Apparently, lead-acid flow batteries are NOT rechargable. The lead plates turn into lead-sulfate as the fluid passes through, but it cannot be changed back into pure lead (unless you stop the flow and recharge it with the liquid not moving).

They do use flow batteries in certain applications, but it's rare. I was only able to find one installation in all the research I did...

- Paul


----------



## Coulomb (Apr 22, 2009)

PZigouras said:


> Apparently, lead-acid flow batteries are NOT rechargable.


Ah. So you could still recharge your own goo at home, but with the extra time and space and mess and fluid losses... it doesn't seem very attractive.
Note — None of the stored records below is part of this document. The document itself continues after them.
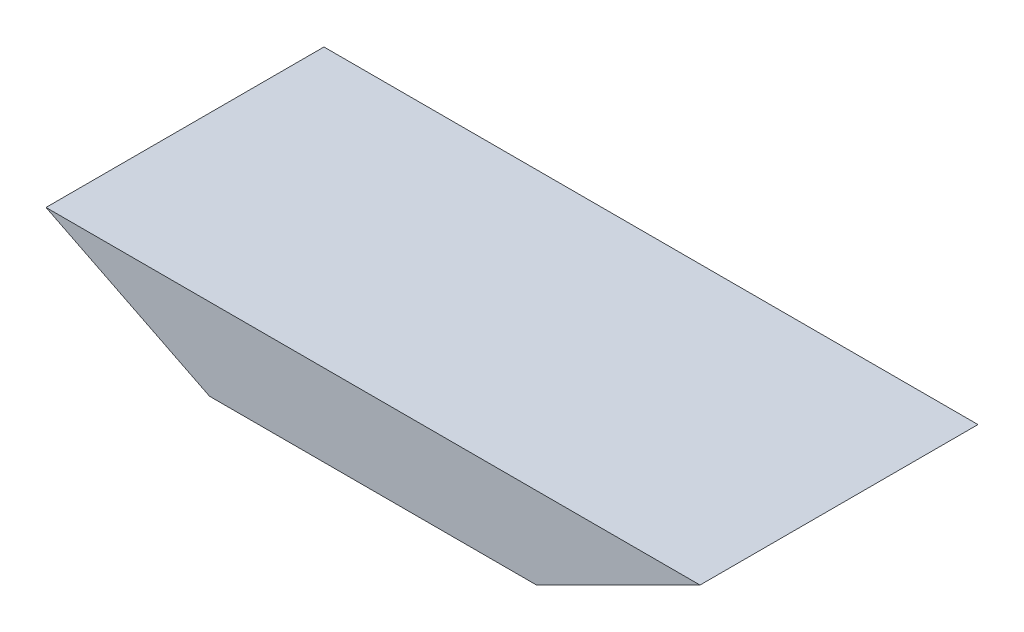
SolidWorks part; units mm, degrees
ref_plane "Front Plane" through (0, 0, 0) normal (0, 0, 1) x (1, 0, 0)
ref_plane "Top Plane" through (0, 0, 0) normal (0, 1, 0) x (1, 0, 0)
ref_plane "Right Plane" through (0, 0, 0) normal (1, 0, 0) x (0, 0, -1)
sketch "Croquis1" plane through (0, 0, 0) normal (0, 1, 0) x (1, 0, 0)
  line L0 (0, 8.5) -> (5, 0) construction
  line L1 (-20, -8.5) -> (20, -8.5)
  line L2 (-20, -8.5) -> (-20, 8.5)
  line L3 (-20, 8.5) -> (20, 8.5)
  line L4 (20, -8.5) -> (20, 8.5)
  line L5 (-20, -8.5) -> (20, 8.5) construction
  line L6 (-20, 8.5) -> (20, -8.5) construction
  line L7 (5, 0) -> (5, -7.5) construction
  point P0 (0, 0)
  dimension "D1" = 17
  dimension "D2" = 40
  dimension "D8" = 8.5
extrude "Saliente-Extruir1" add sketch "Croquis1" along normal blind 5
sketch "Croquis2" plane through (0, 0, 8.5) normal (0, 0, 1) x (1, 0, 0)
  line L10 (-20, 5) -> (-20, 0)
  line L12 (-20, 5) -> (20, 5) construction
  line L13 (-5, 5) -> (-20, 5)
  line L14 (-5, 5) -> (-10, 0)
  line L15 (-20, 0) -> (20, 0) construction
  line L16 (-10, 0) -> (-20, 0)
  dimension "D1" = 15
  dimension "D2" = 10
extrude "Cortar-Extruir1" cut sketch "Croquis2" against normal blind 40
sketch "Croquis3" plane through (0, 0, -8.5) normal (0, 0, -1) x (-1, 0, 0)
  line L0 (5, 5) -> (10, 5)
  line L1 (10, 5) -> (10, 0)
  line L6 (10, 0) -> (5, 5)
  line L7 (5, 5) -> (-20, 5)
  line L8 (-20, 5) -> (-20, 0)
  line L9 (-20, 0) -> (10, 0)
  line L11 (5, 5) -> (-20, 5)
  line L12 (-20, 5) -> (-20, 0)
  line L13 (-20, 0) -> (10, 0)
  line M5 (10, 0) -> (5, 5)
  dimension "D1" = 0
extrude "Saliente-Extruir2" add sketch "Croquis3" against normal blind 17 contours L1 L0 M5
sketch "Croquis4" plane through (0, 0, -8.5) normal (0, 0, -1) x (-1, 0, 0)
  line L0 (10, 5) -> (0, 0)
  line L1 (0, 0) -> (10, 0)
  line L2 (10, 0) -> (10, 5)
extrude "Cortar-Extruir2" cut sketch "Croquis4" against normal blind 17
sketch "Croquis5" plane through (0, 0, -8.5) normal (0, 0, -1) x (-1, 0, 0)
  line L4 (-20, 5) -> (-30, 5)
  line L5 (-30, 5) -> (-20, 0)
  line L6 (-20, 5) -> (-20, 0)
  dimension "D1" = 10
extrude "Saliente-Extruir3" add sketch "Croquis5" against normal blind 17

Possibly also a fire risk.

So those that are rechargeable *and* replaceable at a fill station are of more interest.


----------



## Crash (Oct 20, 2009)

This may be more appealing to you as far as flow batteries go:

http://dvice.com/archives/2011/06/battery-goo-cou.php


----------



## dirtfarmer (Jun 13, 2008)

I am strongly considering making a flow battery. Flow batteries have the reaction taking place in the liquid instead of the metal so the metal DOES NOT DEGRADE and there's very little solid metal involved. Complete discharge to zero does not hurt them at all so there's much more usable current. I'm sure everybody's fully aware that most normal metal batteries have 80% of their capacity that you cannot use without damage. Capacity is also increased by simply increasing the tank size (small battery, large tanks). Making the battery looks much easier than converting the car. They're supposed to last thirty years. Repairs should be easy to go another thirty.

There seems to be two main kinds--vanadium or zinc-bromide. Vanadium has the advantage that both sides are the same chemical. Zinc bromide is cheaper. Vanadium seems to be a more dangerous chemical but more powerful, but I guess all batteries that contain acid are somewhat dangerous. Research "vanadium redox flow batteries". I think I'm going to make the vanadium kind since that seems to be the most common.

I don't have an electric car yet but plan to have one someday. I hope to make the battery power my home first, but have tanks large enough to pump to the future car when it's built. You could even charge more electrolyte at home while you're driving the car. There has been talk of future service stations offering to exchange electrolyte just like pumping gas.

If anybody else is working on this approach I'd like to compare notes with you. I am also putting together DC refrigeration but that might be off topic for this group.


----------



## Roy Von Rogers (Mar 21, 2009)

What do you mean by dc refrigeration, using a dc compressor ??

That, already exists.

Roy


----------



## dirtfarmer (Jun 13, 2008)

No..I'm certainly not reinventing DC compressors. I'm just building a super insulated a chest freezer using a Danfoss 12v compressor powered by solar panels (I didn't invent those either). I'm hoping our solar panels will power a few necessary household items and a car via a flow battery.


----------



## Roy Von Rogers (Mar 21, 2009)

dirtfarmer said:


> No..I'm certainly not reinventing DC compressors. I'm just building a super insulated a chest freezer using a Danfoss 12v compressor powered by solar panels (I didn't invent those either). I'm hoping our solar panels will power a few necessary household items and a car via a flow battery.


The reason I asked was because do hvac and refrigeration, in case you need some help, just send me a pm.

Roy


----------



## dirtfarmer (Jun 13, 2008)

I appreciate that. I am not very good at hvac. I can get the job done if it's not too complicated. 

This battery thing has me really motivated though. I really think flow batteries are the way to go for both cars and homes. I think it can be done by the do-it-yourselfer. We are going to have to be more energy self-sufficient. I don't have any confidence in "the system" working very much longer.


----------